Hindu temple in Jammu and Kashmir, India

The Martand Sun Temple is a Hindu temple located in Mattan, in the Anantnag district of the Kashmir Valley of Jammu and Kashmir, India. It dates back to the eighth century CE and was dedicated to Surya, the solar deity in Hinduism; Surya is also known by the Sanskrit-language synonym Martand (मार्तण्ड). The temple was destroyed by Sikandar Shah Miri.

==History==

=== Establishment ===
According to Kalhana, the Martand Sun Temple was commissioned by Lalitaditya Muktapida in the eighth century CE.

=== Destruction ===
According to Jonaraja (fl. 1430) as well as Hasan Ali, the temple was destroyed by Sikandar Shah Miri (1389-1413) in a zeal to Islamise society under the advice of Sufi preacher Mir Muhammad Hamadani; (Note: Son of Mir Sayyid Ali Hamadani (1314-1384), a Sufi preacher of the Kubrawiya order who had migrated from Huttalàn (present-day Tajikistan) in the wake of Timurid invasions to Shibu'd-Din's Kashmir.) Jonaraja pinned the blame on his chief-counsel Suhabhatta, a Brahman neo-convert who was held to have manifested a reign of intense persecution for the local Hindus, whereas Ali particularly affirmed Sikandar's convictions in these aspects.

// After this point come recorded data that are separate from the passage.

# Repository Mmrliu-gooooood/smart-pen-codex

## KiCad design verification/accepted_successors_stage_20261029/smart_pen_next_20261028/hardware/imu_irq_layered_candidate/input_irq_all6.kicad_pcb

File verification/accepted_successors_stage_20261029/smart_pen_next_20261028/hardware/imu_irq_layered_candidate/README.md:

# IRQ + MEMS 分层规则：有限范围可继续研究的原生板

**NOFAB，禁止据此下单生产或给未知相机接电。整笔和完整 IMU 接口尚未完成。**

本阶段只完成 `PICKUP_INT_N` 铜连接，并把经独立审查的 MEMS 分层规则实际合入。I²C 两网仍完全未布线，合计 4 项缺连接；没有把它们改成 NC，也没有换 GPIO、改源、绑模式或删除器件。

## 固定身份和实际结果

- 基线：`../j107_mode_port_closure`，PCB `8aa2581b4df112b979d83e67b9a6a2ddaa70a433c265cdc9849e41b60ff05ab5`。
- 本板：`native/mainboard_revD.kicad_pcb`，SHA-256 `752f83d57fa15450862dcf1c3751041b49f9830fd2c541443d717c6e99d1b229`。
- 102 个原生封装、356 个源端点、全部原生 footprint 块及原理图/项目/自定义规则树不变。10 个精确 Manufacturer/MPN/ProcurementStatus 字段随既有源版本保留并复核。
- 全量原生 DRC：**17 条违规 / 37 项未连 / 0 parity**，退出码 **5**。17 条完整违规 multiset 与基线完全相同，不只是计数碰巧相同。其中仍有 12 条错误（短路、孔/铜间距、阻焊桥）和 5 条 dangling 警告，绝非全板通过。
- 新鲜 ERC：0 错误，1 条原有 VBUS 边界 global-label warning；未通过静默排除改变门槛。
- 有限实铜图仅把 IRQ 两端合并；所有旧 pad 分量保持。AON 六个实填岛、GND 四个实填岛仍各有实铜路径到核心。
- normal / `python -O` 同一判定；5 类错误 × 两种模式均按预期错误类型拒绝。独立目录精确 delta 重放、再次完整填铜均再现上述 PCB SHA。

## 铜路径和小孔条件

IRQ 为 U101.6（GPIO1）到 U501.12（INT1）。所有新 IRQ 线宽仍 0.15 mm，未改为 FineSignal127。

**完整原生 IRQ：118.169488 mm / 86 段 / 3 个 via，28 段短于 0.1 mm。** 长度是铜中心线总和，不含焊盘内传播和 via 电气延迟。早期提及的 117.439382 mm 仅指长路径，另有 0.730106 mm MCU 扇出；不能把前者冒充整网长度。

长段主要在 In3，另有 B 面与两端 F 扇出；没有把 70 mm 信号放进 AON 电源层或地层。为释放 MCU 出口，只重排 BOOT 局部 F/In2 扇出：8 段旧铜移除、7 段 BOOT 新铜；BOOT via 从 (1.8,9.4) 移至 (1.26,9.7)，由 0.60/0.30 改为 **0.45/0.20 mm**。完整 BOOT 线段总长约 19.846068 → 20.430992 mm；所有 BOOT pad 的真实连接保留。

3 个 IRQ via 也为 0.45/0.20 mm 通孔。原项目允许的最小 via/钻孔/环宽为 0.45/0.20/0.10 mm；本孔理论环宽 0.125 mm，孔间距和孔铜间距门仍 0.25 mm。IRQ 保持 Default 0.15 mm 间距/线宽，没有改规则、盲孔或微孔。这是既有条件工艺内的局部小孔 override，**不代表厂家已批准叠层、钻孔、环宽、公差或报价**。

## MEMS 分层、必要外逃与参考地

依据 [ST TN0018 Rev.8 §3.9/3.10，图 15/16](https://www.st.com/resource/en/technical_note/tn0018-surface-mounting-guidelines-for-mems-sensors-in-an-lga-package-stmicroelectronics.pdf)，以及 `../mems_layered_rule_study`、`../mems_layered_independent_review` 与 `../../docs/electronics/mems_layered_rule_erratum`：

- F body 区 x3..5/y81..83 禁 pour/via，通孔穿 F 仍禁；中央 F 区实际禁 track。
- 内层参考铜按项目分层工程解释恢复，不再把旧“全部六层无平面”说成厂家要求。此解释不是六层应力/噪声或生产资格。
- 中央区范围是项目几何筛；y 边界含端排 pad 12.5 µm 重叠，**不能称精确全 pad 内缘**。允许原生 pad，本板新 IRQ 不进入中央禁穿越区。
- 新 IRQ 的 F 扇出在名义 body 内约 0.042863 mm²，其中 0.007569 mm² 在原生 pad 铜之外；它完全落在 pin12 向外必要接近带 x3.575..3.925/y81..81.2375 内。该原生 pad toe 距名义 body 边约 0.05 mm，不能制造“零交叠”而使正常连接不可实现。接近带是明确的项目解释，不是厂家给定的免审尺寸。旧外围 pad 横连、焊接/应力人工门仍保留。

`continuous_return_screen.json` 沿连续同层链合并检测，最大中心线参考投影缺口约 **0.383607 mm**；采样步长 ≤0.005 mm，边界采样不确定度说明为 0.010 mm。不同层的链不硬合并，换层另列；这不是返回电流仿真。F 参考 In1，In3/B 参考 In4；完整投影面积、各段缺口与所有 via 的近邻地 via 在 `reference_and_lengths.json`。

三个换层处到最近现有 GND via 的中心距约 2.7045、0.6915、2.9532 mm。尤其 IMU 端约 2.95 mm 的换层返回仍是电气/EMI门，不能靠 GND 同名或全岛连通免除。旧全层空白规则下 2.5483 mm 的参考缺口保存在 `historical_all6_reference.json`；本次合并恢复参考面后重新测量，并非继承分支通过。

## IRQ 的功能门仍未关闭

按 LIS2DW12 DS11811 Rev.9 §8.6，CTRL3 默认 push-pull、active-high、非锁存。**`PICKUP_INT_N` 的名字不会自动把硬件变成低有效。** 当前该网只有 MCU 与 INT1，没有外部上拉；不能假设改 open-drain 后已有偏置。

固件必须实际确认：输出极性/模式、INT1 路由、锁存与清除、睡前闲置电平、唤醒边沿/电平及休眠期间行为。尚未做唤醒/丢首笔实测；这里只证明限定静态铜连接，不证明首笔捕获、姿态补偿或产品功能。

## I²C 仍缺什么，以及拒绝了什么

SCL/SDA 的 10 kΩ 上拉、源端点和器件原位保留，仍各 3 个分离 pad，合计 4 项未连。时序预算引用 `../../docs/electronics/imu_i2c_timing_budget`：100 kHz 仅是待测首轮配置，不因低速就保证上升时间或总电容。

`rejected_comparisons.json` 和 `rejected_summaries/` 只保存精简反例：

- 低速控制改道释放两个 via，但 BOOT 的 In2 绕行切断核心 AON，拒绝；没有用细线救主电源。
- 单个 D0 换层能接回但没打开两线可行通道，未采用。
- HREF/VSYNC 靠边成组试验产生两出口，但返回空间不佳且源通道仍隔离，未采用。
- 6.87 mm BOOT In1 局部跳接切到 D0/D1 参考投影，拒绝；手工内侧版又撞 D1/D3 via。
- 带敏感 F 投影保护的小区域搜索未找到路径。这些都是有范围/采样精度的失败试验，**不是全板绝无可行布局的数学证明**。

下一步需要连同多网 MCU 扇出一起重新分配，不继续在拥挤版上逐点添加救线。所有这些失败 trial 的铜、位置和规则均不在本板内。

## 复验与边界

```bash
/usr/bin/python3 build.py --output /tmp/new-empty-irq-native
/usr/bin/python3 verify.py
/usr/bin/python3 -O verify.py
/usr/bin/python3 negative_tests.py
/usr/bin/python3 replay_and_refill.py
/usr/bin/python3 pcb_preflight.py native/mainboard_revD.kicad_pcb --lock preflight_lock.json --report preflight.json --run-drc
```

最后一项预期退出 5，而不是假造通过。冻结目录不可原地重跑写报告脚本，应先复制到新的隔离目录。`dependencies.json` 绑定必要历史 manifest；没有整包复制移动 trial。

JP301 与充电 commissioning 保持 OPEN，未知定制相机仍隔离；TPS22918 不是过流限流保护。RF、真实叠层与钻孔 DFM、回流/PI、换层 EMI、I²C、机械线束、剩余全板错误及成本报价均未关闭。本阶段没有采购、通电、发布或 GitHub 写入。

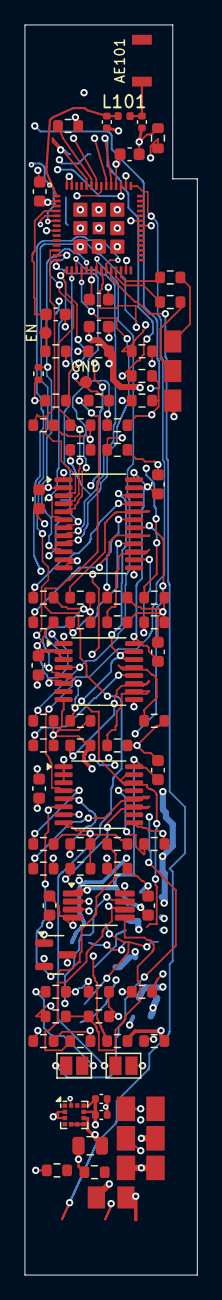
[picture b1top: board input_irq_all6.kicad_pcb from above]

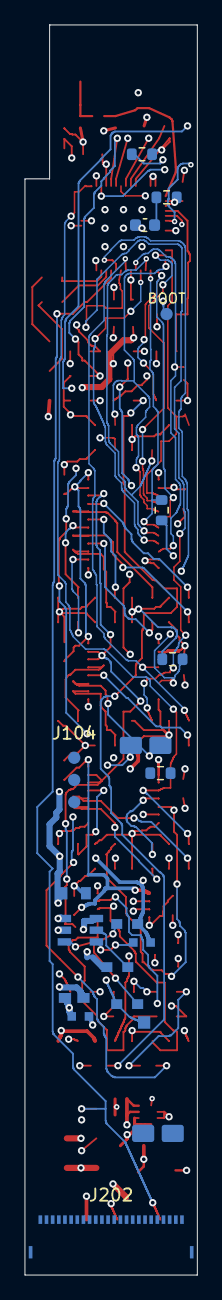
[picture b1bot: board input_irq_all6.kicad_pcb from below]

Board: 6 copper layers, 14.0 x 101.5 mm, 102 parts (19 on the bottom side), 70 nets.

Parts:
AE101: 2450AT18A0100001E_STUDY_NOFAB; Johanson_2450AT18A0100001E_Rev4_Study_NOFAB
C101: 1u; C_0603_1608Metric
C102: 22u; C_0603_1608Metric
C103, C104, C105: 100n; C_0603_1608Metric
C106, C107: DNP RF_TUNE; C_0402_1005Metric
C201, C202, C203, C204, C205, C206, C207, C208: 100n X7R; C_0603_1608Metric
C301: 10uF 10V X7R; C1_TDK_0805_X7R_STANDARD
C302: 1uF 10V X7R; C2_TDK_0603_STUDY
C303: 1nF 25V C0G; C3_TDK_0603_STUDY
C501, C502: 100nF 16V X7R +/-10%; C_0402_1005Metric
C503: 10uF 10V X7R +/-10%; C_0805_2012Metric
C504: 1n C0G; C_0603_1608Metric
J103: DRY CONTACT PADS; WireLands2_P2.4
J104: UART_SERVICE_CAMERA_OFF_ONLY; Probe3_P1.8_NoPaste
J105: ADC_SAFE_FRONTEND_LINK_NOT_RAW_BATTERY; WireLands2_P2.4
J106: POWER_CORE; J106_Wirebank_PRELAYOUT
J107: CHARGER_MODE; J107_Wirebank_PRELAYOUT
J108: SERVICE_EN_BOOT_GND; ServiceProbe3_NOFAB
J109: USB_TAIL_LINK; USBWireLands3_14mm_PRELAYOUT
J202: 5034802400_NEW_24PIN_SENSOR_HANDOFF; Molex_5034802400_24P_P0.5_CANDIDATE
J301: APPROVED LOAD / TBD; J301_Wirebank_PRELAYOUT
JP201: DNP_IO_COMMISSION; SolderJumper-2_P1.3mm_Open_Pad1.0x1.5mm
JP202: DNP_SCCB_COMMISSION; SolderJumper-2_P1.3mm_Open_Pad1.0x1.5mm
JP301: OPEN / DO NOT BRIDGE; Commission_OPEN_NO_PASTE
L101: RF_MATCH_TBD; L_0402_1005Metric
Q201: PMV30UN2; SOT-23
R101, R102, R103, R104, R105, R203, R206, R207, R501, R502: 10k 1%; R_0603_1608Metric
R106, R107, R108, R109, R202, R210, R211, R212, R213, R214, R215, R216, R218, R219, R220, R221, R222, R223, R224, R225, R226, R227, R228, R229, R230, R231, R232, R233, R234, R235, R237, R503: 100k 1%; R_0603_1608Metric
R112, R113: 22R SI_TBD; R_0603_1608Metric
R201, R504: 1k 1%; R_0603_1608Metric
R204: 100R 1%; R_0603_1608Metric
R205: 4.7k 1%; R_0603_1608Metric
R217: 100k 1%; R_0402_1005Metric
R236: 4.7k 1% RESET_CANDIDATE; R_0603_1608Metric
R240, R241, R242, R243: 10k 1% INITIAL_100kHz; R_0603_1608Metric
R301: 100k 1%; R1_YAGEO_0603_STUDY
R302: 1k 1%; R2_YAGEO_0603_STUDY
R303: 100R 1%; R3_YAGEO_0603_STUDY
TP301: ENABLE MEASURE; Enable_measure_land
U101: ESP32-S3-PICO-1-N8R8; ESP32-S3-PICO-1_LGA57_7x7_P0.4_OfficialDerived_NOFAB
U201: SN74AXC8T245PWR; TSSOP-24_4.4x7.8mm_P0.65mm
U202, U203: SN74AXC4T245PWR; TSSOP-16_4.4x5mm_P0.65mm
U204: TCA9517DGKR; VSSOP-8_3x3mm_P0.65mm
U301: TPS22918DBVR; TPS22918_DBV_TI_1p1x0p6
U501: LIS2DW12TR; LGA-12_2x2mm_P0.5mm

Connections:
3V3_AON: C102.1, C103.1, C104.1, C105.1, C201.1, C203.1, C205.1, C207.1, C301.1, C501.1, C502.1, C503.1, J106.2, R101.2, R102.2, R103.2, R203.2, R240.2, R241.2, R501.1, R502.1, R503.1, U101.2, U101.3, U101.20, U101.46, U101.55, U101.56, U201.1, U202.1, U203.1, U203.2, U203.3, U204.8, U301.1, U501.2, U501.3, U501.9, U501.10
AON_I2C_SCL: R501.2, U101.10, U501.1
AON_I2C_SDA: R502.2, U101.11, U501.4
BATTERY_ADC: J105.1, U101.9
BOOT_N: J108.2, R102.1, U101.5
CAM_3V3_PRELINK: C302.1, JP301.1, R303.1, U301.6
CAM_3V3_SW: J301.1, JP301.2
CAM_BUS_EN: JP202.1, R108.1, U101.37
CAM_CT: C303.1, U301.4
CAM_D0: R210.1, U101.12, U201.3
CAM_D1: R211.1, U101.13, U201.4
CAM_D2: R212.1, U101.14, U201.5
CAM_D3: R213.1, U101.15, U201.6
CAM_D4: R214.1, U101.16, U201.7
CAM_D5: R215.1, U101.17, U201.8
CAM_D6: R216.1, U101.18, U201.9
CAM_D7: R217.1, U101.19, U201.10
CAM_HREF: R220.1, U101.23, U202.6
CAM_IO_EN: JP201.1, R107.1, U101.48
CAM_ISO_OE_N: Q201.3, R203.1, U201.22, U202.14, U202.15, U203.14, U203.15
CAM_ON: R301.1, R302.2, U301.3
CAM_PCLK: R218.1, U101.21, U202.4
CAM_PWDN_UART_RX: J104.2, R223.1, U101.50, U203.6
CAM_PWR_EN: R106.1, R302.1, TP301.1, U101.47
CAM_QOD: R303.2, U301.5
CAM_RESET_UART_TX: J104.1, R222.1, U101.49, U203.5
CAM_SCL: R240.1, U101.44, U204.7
CAM_SDA: R241.1, U101.45, U204.6
CAM_VSYNC: R219.1, U101.22, U202.5
CAM_XCLK: R221.1, U101.43, U203.4
CHIP_EN: C101.1, J108.1, R101.1, U101.4
CONTACT: J103.1, R504.2
GND: C101.2, C102.2, C103.2, C104.2, C105.2, C106.2, C107.2, C201.2, C202.2, C203.2, C204.2, C205.2, C206.2, C207.2, C208.2, C301.2, C302.2, C303.2, C501.2, C502.2, C503.2, C504.2, J103.2, J104.3, J105.2, J106.3, J107.3, J108.3, J109.3, J202.1, J202.4, J202.7, J202.10, J202.13, J202.17, J202.24, J301.2, Q201.2, R104.2, R105.2, R106.2, R107.2, R108.2, R109.2, R202.2, R205.2, R206.2, R207.2, R210.2, R211.2, R212.2, R213.2, R214.2, R215.2, R216.2, R217.2, R218.2, R219.2, R220.2, R221.2, R222.2, R223.2, R224.2, R225.2, R226.2, R227.2, R228.2, R229.2, R230.2, R231.2, R232.2, R233.2, R234.2, R235.2, R236.2, R237.2, R301.2, U101.57, U201.2, U201.11, U201.12, U201.13, U202.2, U202.3, U202.8, U202.9, U203.8, U203.9, U204.4, U301.2, U501.5, U501.6, U501.7, U501.8
ILLUM_STROBE: R109.1, U101.36
IO_ENABLE_LINK: JP201.2, R201.1
ISO_GATE: Q201.1, R201.2, R202.1
NIB_CONTACT_N: C504.1, R503.2, R504.1, U101.7
PICKUP_INT_N: U101.6, U501.12
RF_ANT: AE101.1, C107.1, L101.2
RF_SIP: C106.1, L101.1, U101.1
SCCB_ENABLE_LINK: JP202.2, R204.1
SCCB_EN_SAFE: R204.2, R205.1, U204.5
SENS_D0: J202.2, R224.1, U201.21
SENS_D1: J202.3, R225.1, U201.20
SENS_D2: J202.5, R226.1, U201.19
SENS_D3: J202.6, R227.1, U201.18
SENS_D4: J202.8, R228.1, U201.17
SENS_D5: J202.9, R229.1, U201.16
SENS_D6: J202.11, R230.1, U201.15
SENS_D7: J202.12, R231.1, U201.14
SENS_EXTCLK: J202.18, R235.1, U203.13
SENS_HREF: J202.16, R234.1, U202.11
SENS_PCLK: J202.14, R232.1, U202.13
SENS_SCL: J202.21, R242.1, U204.2
SENS_SDA: J202.22, R243.1, U204.3
SENS_TRIG_IN: J202.20, R237.1, U203.11
SENS_VIO_1V8: C202.1, C204.1, C206.1, C208.1, J202.23, R242.2, R243.2, U201.23, U201.24, U202.16, U203.16, U204.1
SENS_VSYNC: J202.15, R233.1, U202.12
SENS_XSHUTDN_N: J202.19, R236.1, U203.12
STRAP_GPIO3: R103.1, U101.8
STRAP_GPIO45: R104.1, U101.51
STRAP_GPIO46: R105.1, U101.52
UNUSED_A_INPUT: R207.1, U203.7
UNUSED_B_INPUT: R206.1, U202.10
USB_DM: J109.2, R113.1
USB_DM_MCU: R113.2, U101.25
USB_DP: J109.1, R112.1
USB_DP_MCU: R112.2, U101.26
USB_EN1: J107.1, U101.24
USB_EN2: J107.2, U101.27

Scholars caution against accepting these sources at face value — Jonaraja was appointed by Sikandar's son, who sought to bring back the Brahminical elite into the royal fold, while later Muslim chroniclers had their motives to fit the past into an idealist tale of orthodox Islamic morality. According to Chitralekha Zutshi and Richard G. Salomon, Sikandar's policies were guided by realpolitik and, like with the previous Hindu rulers, an attempt to secure political legitimacy by asserting state power over Brahmans and gaining access to wealth controlled by Brahminical institutions. J. L. Bhan notes a stone sculpture—a four-armed Brahma, sculpted by the son of a Buddhist Sanghapati and dedicated to Sikandar—to challenge simplistic notions of religious persecution. Slaje disagrees about the absence of religious motivations but notes the aversion of Brahmin chroniclers to be, largely, the result of resistance to the gradual disintegration of caste-hierarchy under Muslim influence.

=== Degradation ===
The ruins and the remnants of the structure suffered further damage from several earthquakes.

== Architecture ==
The Martand temple was built on top of a plateau from where one can view the whole of the Kashmir Valley. From the ruins and related archaeological findings, it can be said that it was an excellent specimen of Kashmiri architecture, which had blended the Gandharan, Gupta, Chinese and possibly Syrian-Byzantine forms of architecture.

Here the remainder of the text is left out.